不正アクセスを未然に防ぐという考え方と同時に、万が一の事故や事件が発生したときのためにアクセスログを残しておく事も検討すべきです。あるファイルが流出するか不正な改竄がなされたときに、そのファイルに対する最終アクセスや最終更新がいつ誰によって行われたのかをトレースできる仕組みが必要になってきます。NASそのものが監査ログの機能を持っている場合もありますが、ログ収集を一元管理してログを信頼のおける外部メディアに保管するために、専用のログ収集ツールを使うこともできます。

このような収集機能を持つソリューションは、今ではソフトウェアでもアプライアンスでも複数存在しているので、事故後の対応をスムーズにして混乱を最小限に抑えたいならば、導入を検討すべきです。

データの暗号化

図4

ストレージ管理者やバックアップ管理者、またテープの搬送業者などは業務の一環として当然のようにデータにアクセスが可能です。しかし、こうした人々はファイルの内容までを知っている必要はなく、むしろファイルの内容を見ようと思えば見えてしまう環境は、情報漏えいを起こしやすい危険な状況と考えられます。特にシステム運用を業務委託や外部の管理者に任せている企業などは、直接データにアクセスできてしまう環境にも配慮しなければなりません。

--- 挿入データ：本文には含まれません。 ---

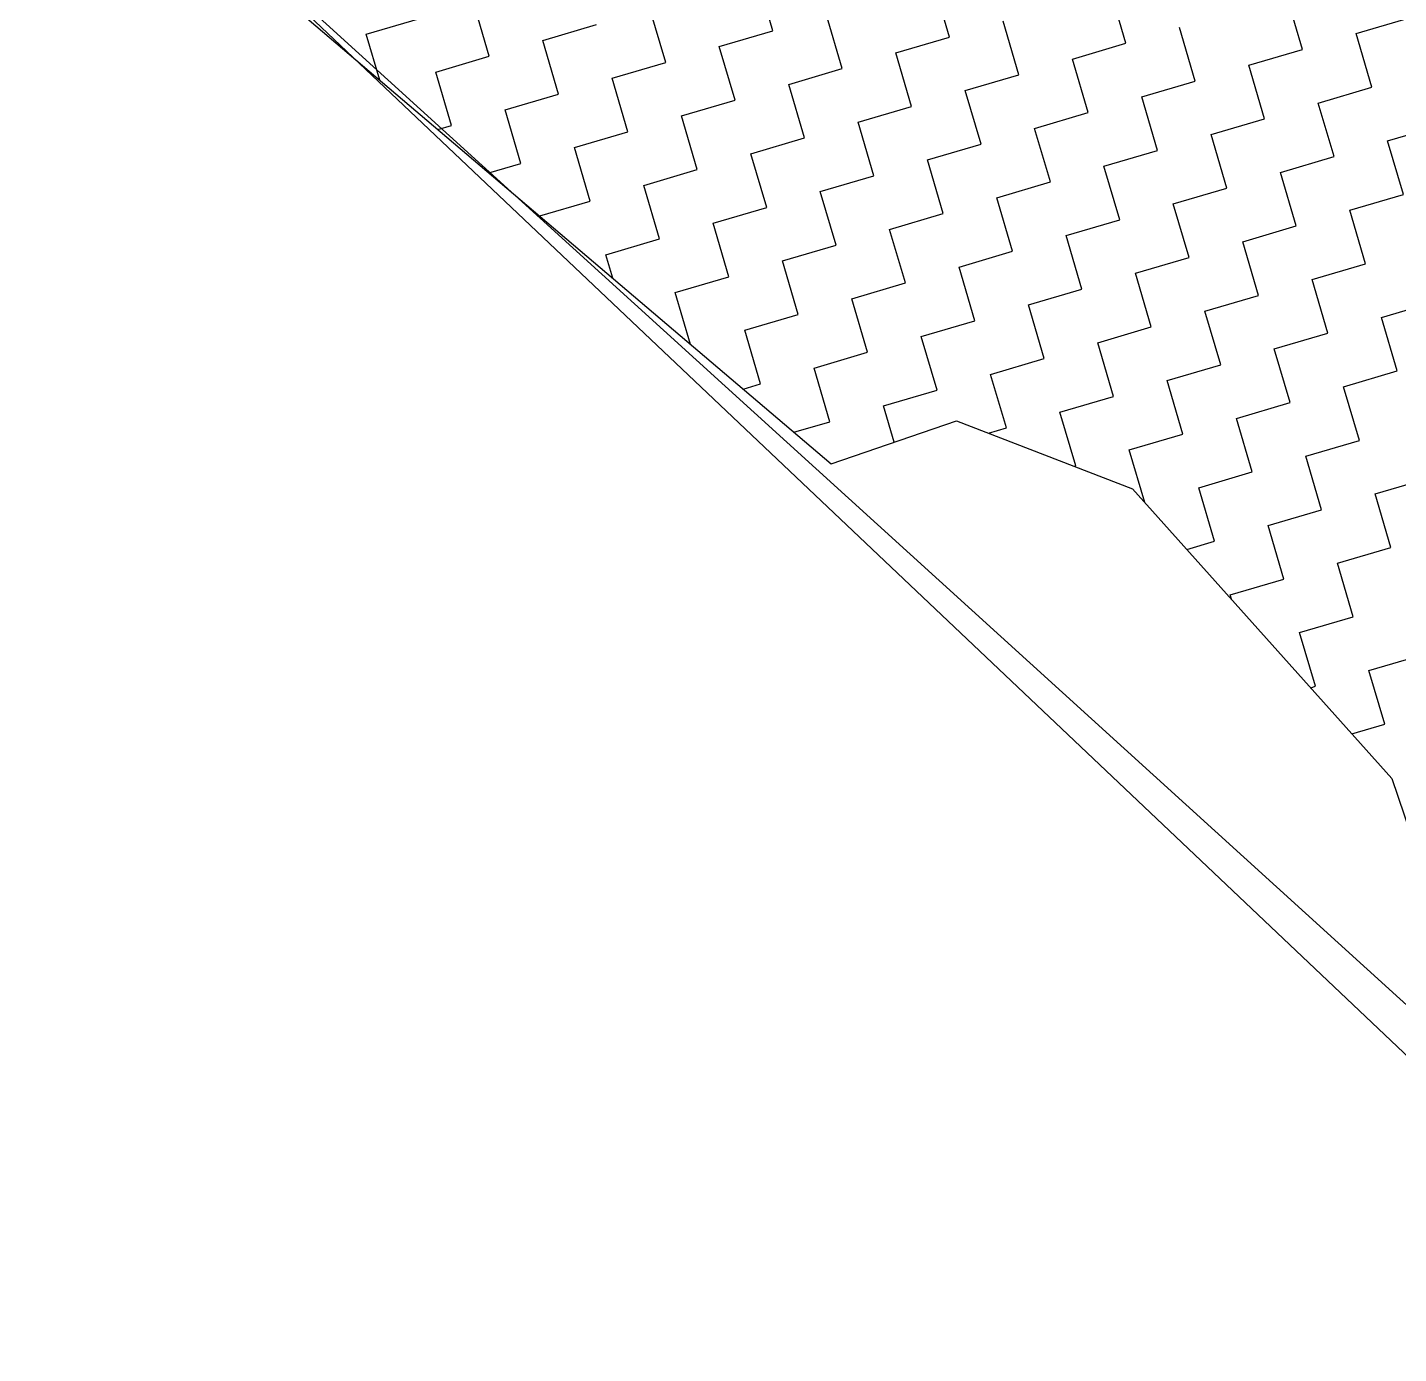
# Model space of a CAD drawing. Header units: metres. Extents: x 283645 to 285797, y 2017393 to 2020400.
# Drawn here: x 284477.9 to 284637.4, y 2017572.3 to 2017726.6 of the extents above; entities that cross this region are included whole.
import ezdxf

# ---------------------------------------------------------------- set-up
doc = ezdxf.new("R2010")
doc.units = ezdxf.units.M
for name, color, linetype in [('POLY_HATCH', 12, 'Continuous'), ('V_BOUND_LINE', 7, 'Continuous'), ('VILLAGE BOUNDRY', 1, 'Continuous')]:
    doc.layers.add(name, color=color, linetype=linetype)

msp = doc.modelspace()

# ---------------------------------------------------------------- linework, layer by layer
at = {"layer": 'POLY_HATCH'}
for p, q in [((284505.1, 2017732.14), (284571.38, 2017675.8)), ((284571.38, 2017675.8), (284585.98, 2017680.8)), ((284585.98, 2017680.8), (284606.47, 2017672.88)), ((284606.47, 2017672.88), (284636.65, 2017639.19)), ((284636.65, 2017639.19), (284647.97, 2017605.53))]:
    msp.add_line(p, q, dxfattribs=at)
at = {"layer": 'POLY_HATCH', "linetype": 'Continuous'}
for p, q in [((284564.62, 2017726.16), (284562.78, 2017732.4)), ((284585.15, 2017725.44), (284583.32, 2017731.67)), ((284605.69, 2017724.72), (284603.86, 2017730.95)), ((284531.61, 2017723.21), (284529.77, 2017729.45)), ((284626.23, 2017724), (284624.39, 2017730.23)), ((284517.3, 2017725.77), (284523.54, 2017727.61)), ((284552.15, 2017722.49), (284550.31, 2017728.72)), ((284572.69, 2017721.77), (284570.85, 2017728)), ((284632.47, 2017725.83), (284638.7, 2017727.67)), ((284518.88, 2017720.43), (284517.3, 2017725.77)), ((284537.84, 2017725.05), (284544.08, 2017726.89)), ((284558.38, 2017724.33), (284564.62, 2017726.16)), ((284593.23, 2017721.04), (284591.39, 2017727.28)), ((284613.76, 2017720.32), (284611.93, 2017726.56)), ((284634.3, 2017719.6), (284632.47, 2017725.83)), ((284539.68, 2017718.81), (284537.84, 2017725.05)), ((284560.22, 2017718.09), (284558.38, 2017724.33)), ((284578.92, 2017723.6), (284585.15, 2017725.44)), ((284599.46, 2017722.88), (284605.69, 2017724.72)), ((284525.38, 2017721.37), (284531.61, 2017723.21)), ((284580.76, 2017717.37), (284578.92, 2017723.6)), ((284601.3, 2017716.65), (284599.46, 2017722.88)), ((284620, 2017722.16), (284626.23, 2017724)), ((284527.21, 2017715.14), (284525.38, 2017721.37)), ((284545.91, 2017720.65), (284552.15, 2017722.49)), ((284566.45, 2017719.93), (284572.69, 2017721.77)), ((284586.99, 2017719.21), (284593.23, 2017721.04)), ((284621.83, 2017715.92), (284620, 2017722.16)), ((284547.75, 2017714.42), (284545.91, 2017720.65)), ((284568.29, 2017713.7), (284566.45, 2017719.93)), ((284607.53, 2017718.48), (284613.76, 2017720.32)), ((284628.07, 2017717.76), (284634.3, 2017719.6)), ((284533.45, 2017716.98), (284539.68, 2017718.81)), ((284553.99, 2017716.26), (284560.22, 2017718.09)), ((284588.83, 2017712.97), (284586.99, 2017719.21)), ((284609.37, 2017712.25), (284607.53, 2017718.48)), ((284629.91, 2017711.53), (284628.07, 2017717.76)), ((284535.28, 2017710.74), (284533.45, 2017716.98)), ((284555.82, 2017710.02), (284553.99, 2017716.26)), ((284574.52, 2017715.53), (284580.76, 2017717.37)), ((284595.06, 2017714.81), (284601.3, 2017716.65)), ((284525.64, 2017714.68), (284527.21, 2017715.14)), ((284576.36, 2017709.3), (284574.52, 2017715.53)), ((284596.9, 2017708.58), (284595.06, 2017714.81)), ((284615.6, 2017714.09), (284621.83, 2017715.92)), ((284636.14, 2017713.36), (284642.37, 2017715.2)), ((284541.52, 2017712.58), (284547.75, 2017714.42)), ((284562.06, 2017711.86), (284568.29, 2017713.7)), ((284582.59, 2017711.14), (284588.83, 2017712.97)), ((284617.44, 2017707.85), (284615.6, 2017714.09)), ((284637.98, 2017707.13), (284636.14, 2017713.36)), ((284543.35, 2017706.35), (284541.52, 2017712.58)), ((284563.89, 2017705.62), (284562.06, 2017711.86)), ((284603.13, 2017710.41), (284609.37, 2017712.25)), ((284623.67, 2017709.69), (284629.91, 2017711.53)), ((284531.56, 2017709.65), (284535.28, 2017710.74)), ((284549.59, 2017708.18), (284555.82, 2017710.02)), ((284584.43, 2017704.9), (284582.59, 2017711.14)), ((284604.97, 2017704.18), (284603.13, 2017710.41)), ((284551.43, 2017701.95), (284549.59, 2017708.18)), ((284570.13, 2017707.46), (284576.36, 2017709.3)), ((284590.67, 2017706.74), (284596.9, 2017708.58)), ((284625.51, 2017703.46), (284623.67, 2017709.69)), ((284571.96, 2017701.23), (284570.13, 2017707.46)), ((284592.5, 2017700.51), (284590.67, 2017706.74)), ((284611.2, 2017706.02), (284617.44, 2017707.85)), ((284631.74, 2017705.29), (284637.98, 2017707.13)), ((284537.48, 2017704.62), (284543.35, 2017706.35)), ((284557.66, 2017703.79), (284563.89, 2017705.62)), ((284613.04, 2017699.78), (284611.2, 2017706.02)), ((284633.58, 2017699.06), (284631.74, 2017705.29)), ((284559.5, 2017697.55), (284557.66, 2017703.79)), ((284578.2, 2017703.06), (284584.43, 2017704.9)), ((284598.74, 2017702.34), (284604.97, 2017704.18)), ((284619.28, 2017701.62), (284625.51, 2017703.46)), ((284545.19, 2017700.11), (284551.43, 2017701.95)), ((284580.03, 2017696.83), (284578.2, 2017703.06)), ((284600.57, 2017696.11), (284598.74, 2017702.34)), ((284565.73, 2017699.39), (284571.96, 2017701.23)), ((284586.27, 2017698.67), (284592.5, 2017700.51)), ((284621.11, 2017695.39), (284619.28, 2017701.62)), ((284546, 2017697.38), (284545.19, 2017700.11)), ((284567.57, 2017693.16), (284565.73, 2017699.39)), ((284588.11, 2017692.43), (284586.27, 2017698.67)), ((284606.81, 2017697.95), (284613.04, 2017699.78)), ((284627.35, 2017697.22), (284633.58, 2017699.06)), ((284553.26, 2017695.72), (284559.5, 2017697.55)), ((284608.64, 2017691.71), (284606.81, 2017697.95)), ((284629.18, 2017690.99), (284627.35, 2017697.22)), ((284555.04, 2017689.69), (284553.26, 2017695.72)), ((284573.8, 2017694.99), (284580.03, 2017696.83)), ((284594.34, 2017694.27), (284600.57, 2017696.11)), ((284614.88, 2017693.55), (284621.11, 2017695.39)), ((284575.64, 2017688.76), (284573.8, 2017694.99)), ((284596.18, 2017688.04), (284594.34, 2017694.27)), ((284635.42, 2017692.83), (284641.65, 2017694.66)), ((284561.33, 2017691.32), (284567.57, 2017693.16)), ((284581.87, 2017690.6), (284588.11, 2017692.43)), ((284616.72, 2017687.32), (284614.88, 2017693.55)), ((284637.25, 2017686.59), (284635.42, 2017692.83)), ((284563.17, 2017685.09), (284561.33, 2017691.32)), ((284602.41, 2017689.87), (284608.64, 2017691.71)), ((284622.95, 2017689.15), (284629.18, 2017690.99)), ((284583.71, 2017684.36), (284581.87, 2017690.6)), ((284604.25, 2017683.64), (284602.41, 2017689.87)), ((284624.79, 2017682.92), (284622.95, 2017689.15)), ((284569.4, 2017686.92), (284575.64, 2017688.76)), ((284589.94, 2017686.2), (284596.18, 2017688.04)), ((284571.24, 2017680.69), (284569.4, 2017686.92)), ((284591.78, 2017679.97), (284589.94, 2017686.2)), ((284610.48, 2017685.48), (284616.72, 2017687.32)), ((284631.02, 2017684.76), (284637.25, 2017686.59)), ((284561.16, 2017684.49), (284563.17, 2017685.09)), ((284577.48, 2017682.53), (284583.71, 2017684.36)), ((284612.32, 2017679.24), (284610.48, 2017685.48)), ((284632.86, 2017678.52), (284631.02, 2017684.76)), ((284598.01, 2017681.8), (284604.25, 2017683.64)), ((284618.55, 2017681.08), (284624.79, 2017682.92)), ((284578.72, 2017678.31), (284577.48, 2017682.53)), ((284599.85, 2017675.57), (284598.01, 2017681.8)), ((284620.39, 2017674.85), (284618.55, 2017681.08)), ((284567.07, 2017679.46), (284571.24, 2017680.69)), ((284589.71, 2017679.36), (284591.78, 2017679.97)), ((284606.08, 2017677.41), (284612.32, 2017679.24)), ((284626.62, 2017676.68), (284632.86, 2017678.52)), ((284607.89, 2017671.29), (284606.08, 2017677.41)), ((284628.46, 2017670.45), (284626.62, 2017676.68)), ((284599.65, 2017675.51), (284599.85, 2017675.57)), ((284614.16, 2017673.01), (284620.39, 2017674.85)), ((284634.69, 2017672.29), (284640.93, 2017674.12)), ((284615.99, 2017666.78), (284614.16, 2017673.01)), ((284636.53, 2017666.05), (284634.69, 2017672.29)), ((284622.23, 2017668.61), (284628.46, 2017670.45)), ((284624.06, 2017662.38), (284622.23, 2017668.61)), ((284612.78, 2017665.83), (284615.99, 2017666.78)), ((284630.3, 2017664.22), (284636.53, 2017666.05)), ((284632.13, 2017657.98), (284630.3, 2017664.22)), ((284617.83, 2017660.54), (284624.06, 2017662.38)), ((284617.98, 2017660.03), (284617.83, 2017660.54)), ((284625.9, 2017656.15), (284632.13, 2017657.98)), ((284627.74, 2017649.91), (284625.9, 2017656.15)), ((284633.97, 2017651.75), (284640.21, 2017653.59)), ((284635.81, 2017645.52), (284633.97, 2017651.75)), ((284627.19, 2017649.75), (284627.74, 2017649.91)), ((284631.99, 2017644.39), (284635.81, 2017645.52))]:
    msp.add_line(p, q, dxfattribs=at)
at = {"layer": 'V_BOUND_LINE'}
msp.add_line((284477.87, 2017758.58), (284654.95, 2017597.73), dxfattribs=at)
at = {"layer": 'VILLAGE BOUNDRY'}
msp.add_line((284503.26, 2017734.93), (284674.95, 2017572.29), dxfattribs=at)

doc.saveas('drawing.dxf')
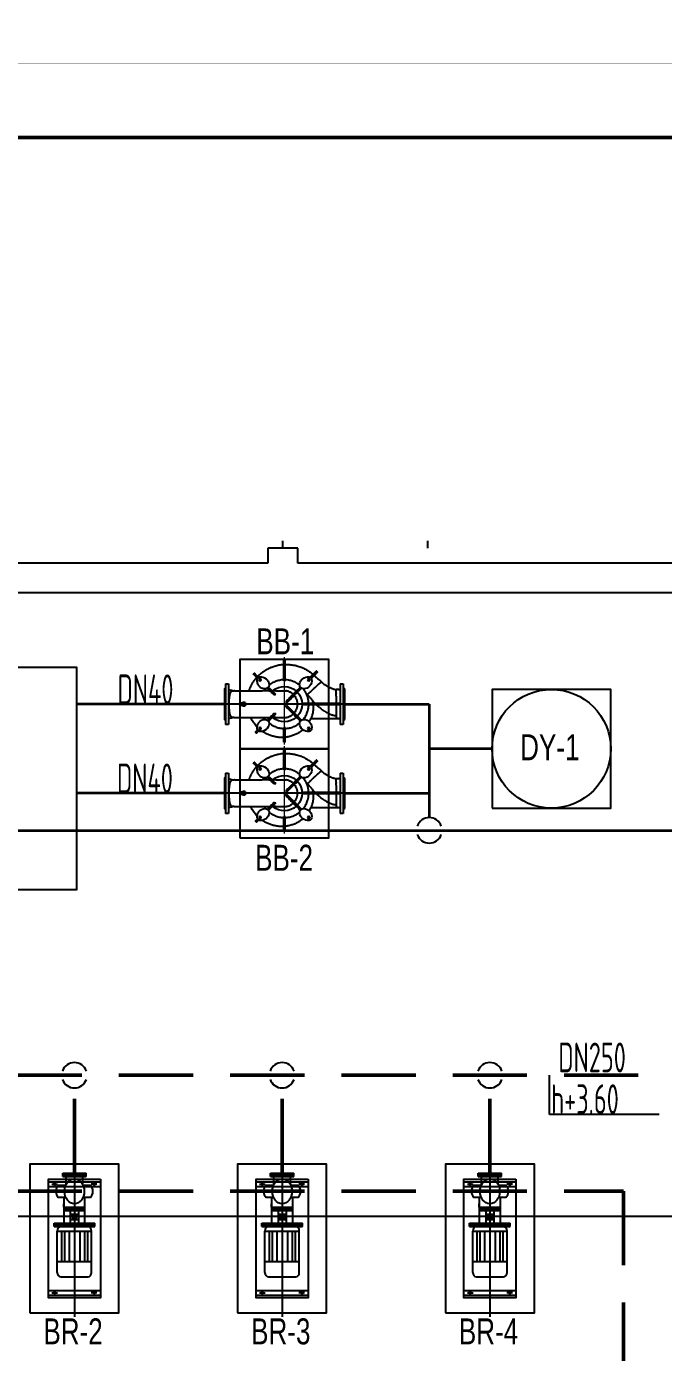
# Model space of a CAD drawing. Extents: x -253824 to 107923, y -224968 to 180578.
# Drawn here: x -201448 to -197156, y -7954 to 979 of the extents above; entities that cross this region are included whole.
import ezdxf

# ---------------------------------------------------------------- set-up
doc = ezdxf.new("R2010")
doc.units = 0
doc.header["$LTSCALE"] = 1000
doc.header["$MEASUREMENT"] = 0
for name, pattern in [('CENTER', [2, 1.25, -0.25, 0.25, -0.25]), ('DASHED', [0.75, 0.5, -0.25]), ('HIDDEN', [0.375, 0.25, -0.125])]:
    doc.linetypes.add(name, pattern=pattern)
doc.layers.get('0').update_dxf_attribs({"linetype": 'CONTINUOUS'})
for name, color, linetype in [('1轮廓实线层', 7, 'CONTINUOUS'), ('3中心线层', 1, 'CENTER'), ('A_STR-砌块墙', 121, 'CONTINUOUS'), ('AC_KTSG', 5, 'HIDDEN'), ('ACS_COM_BZ', 3, 'CONTINUOUS'), ('ACS_KT_FM', 3, 'CONTINUOUS'), ('DEVICE', 2, 'CONTINUOUS'), ('DOOR_FIRE', 220, 'CONTINUOUS'), ('DOTE', 1, 'CONTINUOUS'), ('WALL', 9, 'CONTINUOUS'), ('改造', 7, 'CONTINUOUS')]:
    doc.layers.add(name, color=color, linetype=linetype)
doc.layers.add('4', color=1, linetype='CENTER', lineweight=18)
doc.layers.add('ACS_KT_RH', color=6, linetype='DASHED', lineweight=50)
doc.styles.add('HZF', font='ros.shx', dxfattribs={"width": 0.75, "bigfont": 'jd.shx'})
doc.styles.add('等高', font='ros1.shx', dxfattribs={"width": 0.7, "bigfont": 'jd.shx'})

# ---------------------------------------------------------------- blocks, each defined once
blk = doc.blocks.new('图框-A1')
for points, const_width in [([(0, 0), (841, 0), (841, 594), (0, 594)], 0.05), ([(766, 584), (25, 584), (25, 10), (766, 10)], 0.5)]:
    blk.add_lwpolyline(points, close=True, dxfattribs=dict(const_width=const_width))
blk = doc.blocks.new('h2')
at = {"layer": 'A_STR-砌块墙'}
for p, q in [((-2844.8, 4500), (-3044.8, 4500)), ((-3044.8, 4500), (-3044.8, 4400)), ((-2844.8, 4400), (-2844.8, 4500)), ((-3044.8, 4400), (-9044.8, 4400)), ((-194.8, 4400), (-2844.8, 4400)), ((-2944.8, 4200), (-8844.8, 4200)), ((-294.8, 4200), (-2944.8, 4200))]:
    blk.add_line(p, q, dxfattribs=at)
at = {"layer": 'DOOR_FIRE'}
for p, q in [((-2944.8, 4500), (-2944.8, 4550)), ((-1969.8, 4550), (-1969.8, 4500))]:
    blk.add_line(p, q, dxfattribs=at)
at = {"layer": 'DOTE'}
blk.add_line((-10424.4, 0), (3415.9, 0), dxfattribs=at)
blk = doc.blocks.new('beng')
at = {"layer": 'DEVICE', "color": 7}
for p, q in [((65, -300), (65, 300)), ((85, 259), (85, 194)), ((105, -300), (105, 300)), ((1054, -300), (1054, 300)), ((1075, 259), (1075, 194)), ((1095, -300), (1095, 300)), ((0, -134), (0, 134)), ((65, 229), (105, 229)), ((294, -122), (294, 122)), ((310, -122), (310, 122)), ((326, -122), (326, 122)), ((455, -234), (455, 234)), ((512, -198), (512, 198)), ((512, 150), (789, 150)), ((789, -198), (789, 198)), ((1055, 229), (1095, 229)), ((326, 47), (439, 47)), ((358, -47), (358, 47)), ((358, 22), (408, 22)), ((408, -47), (408, 47)), ((512, 115), (789, 115)), ((512, 62), (789, 62)), ((326, -47), (439, -47)), ((358, -22), (408, -22)), ((512, -62), (789, -62)), ((512, -115), (789, -115)), ((65, -229), (105, -229)), ((85, -259), (85, -194)), ((512, -150), (789, -150)), ((1054, -229), (1095, -229)), ((1075, -259), (1075, -194))]:
    blk.add_line(p, q, dxfattribs=at)
at = {"layer": 'DEVICE', "color": 7, "linetype": 'CENTER', "ltscale": 500}
blk.add_line((-241, 0), (1293, 0), dxfattribs=at)
at = {"layer": 'DEVICE', "color": 7}
blk.add_lwpolyline([(40, 300), (1120, 300), (1120, -300), (40, -300)], close=True, dxfattribs=at)
for centre in [(85, 229), (1075, 229), (85, -229), (1075, -229)]:
    blk.add_circle(centre, 8.14, dxfattribs=at)
at = {"layer": 'WALL', "ltscale": 0.2}
for p, q in [((16, 134), (-16, 134)), ((-16, -134), (-16, 134)), ((16, -134), (16, 134)), ((95, 100), (95, 185)), ((205, 100), (205, 185)), ((439, 122), (205, 122)), ((296, 122), (264, 122)), ((471, 234), (439, 234)), ((439, -234), (439, 234)), ((471, -234), (471, 234)), ((471, -142), (471, 142)), ((889, 198), (512, 198)), ((930, -157), (930, 157)), ((89, 96), (16, 96)), ((89, -96), (16, -96)), ((95, -185), (95, -100)), ((205, -185), (205, -100)), ((16, -134), (-16, -134)), ((16, -134), (3, -134)), ((206, -122), (439, -122)), ((296, -122), (264, -122)), ((296, -122), (283, -122)), ((471, -234), (439, -234)), ((471, -234), (458, -234)), ((889, -198), (512, -198))]:
    blk.add_line(p, q, dxfattribs=at)
blk.add_circle((150, 0), 114, dxfattribs=at)
for centre, radius, start, end in [((150, 144), 68.9, 36.4877, 143.5123), ((512, 157), 40.7, 90, 180), ((889, 157), 40.7, 0, 90), ((150, -144), 68.9, 216.4877, 323.5123), ((512, -157), 40.7, 180, 270), ((889, -157), 40.7, 270, 0)]:
    blk.add_arc(centre, radius, start, end, dxfattribs=at)
blk = doc.blocks.new('H-PICPNT-69')
for start, end in [(19.4712, 160.5288), (199.4712, 340.5288)]:
    blk.add_arc((0, 0), 1.43, start, end)
blk = doc.blocks.new('200')
at = {"color": 7, "linetype": 'Continuous'}
for p, q in [((6, 375), (-6, 375)), ((-6, 218), (-6, 375)), ((6, 218), (6, 375)), ((-270, 279), (-279, 270)), ((-279, 270), (-278, 270)), ((-270, 278), (-278, 270)), ((-270, 279), (-270, 278)), ((-251, 260), (-260, 251)), ((-260, 251), (-227, 218)), ((-251, 260), (-218, 227)), ((218, 227), (242, 250)), ((227, 218), (250, 242)), ((242, 250), (250, 242)), ((253, 262), (262, 253)), ((253, 262), (262, 253)), ((253, 262), (253, 262)), ((262, 253), (262, 253)), ((-495, 138), (-505, 128)), ((-505, 128), (-505, -128)), ((-470, 170), (-495, 170)), ((-495, 170), (-495, -170)), ((-470, 170), (-470, -170)), ((-6, 218), (6, 218)), ((-6, 196), (-6, 218)), ((6, 196), (6, 218)), ((130, 113), (123, 113)), ((130, 113), (130, 113)), ((130, 113), (187, 113)), ((187, 113), (187, 113)), ((470, 123), (435, 114)), ((435, 113), (435, 114)), ((495, 170), (470, 170)), ((470, 170), (470, -170)), ((495, 170), (495, -170)), ((505, 128), (495, 138)), ((505, 128), (505, -128)), ((-470, 6), (-157, 6)), ((-435, 67), (-435, 6)), ((-260, 6), (-235, 34)), ((330, 15), (331, 0)), ((330, 15), (350, 15)), ((-470, -6), (-157, -6)), ((-435, -6), (-435, -113)), ((-273, -7), (-272, -6)), ((331, 0), (330, -15)), ((350, -15), (330, -15)), ((-505, -128), (-495, -138)), ((-495, -170), (-470, -170)), ((-470, -123), (-435, -123)), ((-435, -113), (-435, -123)), ((-435, -123), (-223, -123)), ((-6, -205), (-6, -197)), ((-6, -320), (-6, -205)), ((6, -205), (6, -197)), ((6, -320), (6, -205)), ((187, -113), (130, -113)), ((187, -113), (187, -113)), ((226, -218), (237, -229)), ((435, -114), (435, -113)), ((435, -114), (470, -123)), ((470, -170), (495, -170)), ((495, -138), (505, -128)), ((-6, -320), (6, -320)), ((-6, -320), (6, -320)), ((-6, -320), (-6, -320)), ((6, -320), (6, -320)), ((218, -226), (229, -237)), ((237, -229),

こうした環境ではデータの暗号化を行うことによって安全が確保されます。多くの暗号化ツール(アプライアンス)はクライアントとファイルサーバの間に透過的に介在して、ファイルの書き込み時にはデータを暗号化し、ファイルの読み出しの時には復号化してクライアントに返します。暗号化されたファイルはその暗号化ツールを経由して復号化されない限り意味のある内容として参照できません。暗号化の対象はファイルの中身だけを選択することもできるので、管理者にとってはこれまでの業務を一切変更することがないだけでなく、万が一テープなどが紛失・盗難にあった場合でもすでにデータは暗号化されており解読不能なため、セキュリティは保障されていることになります。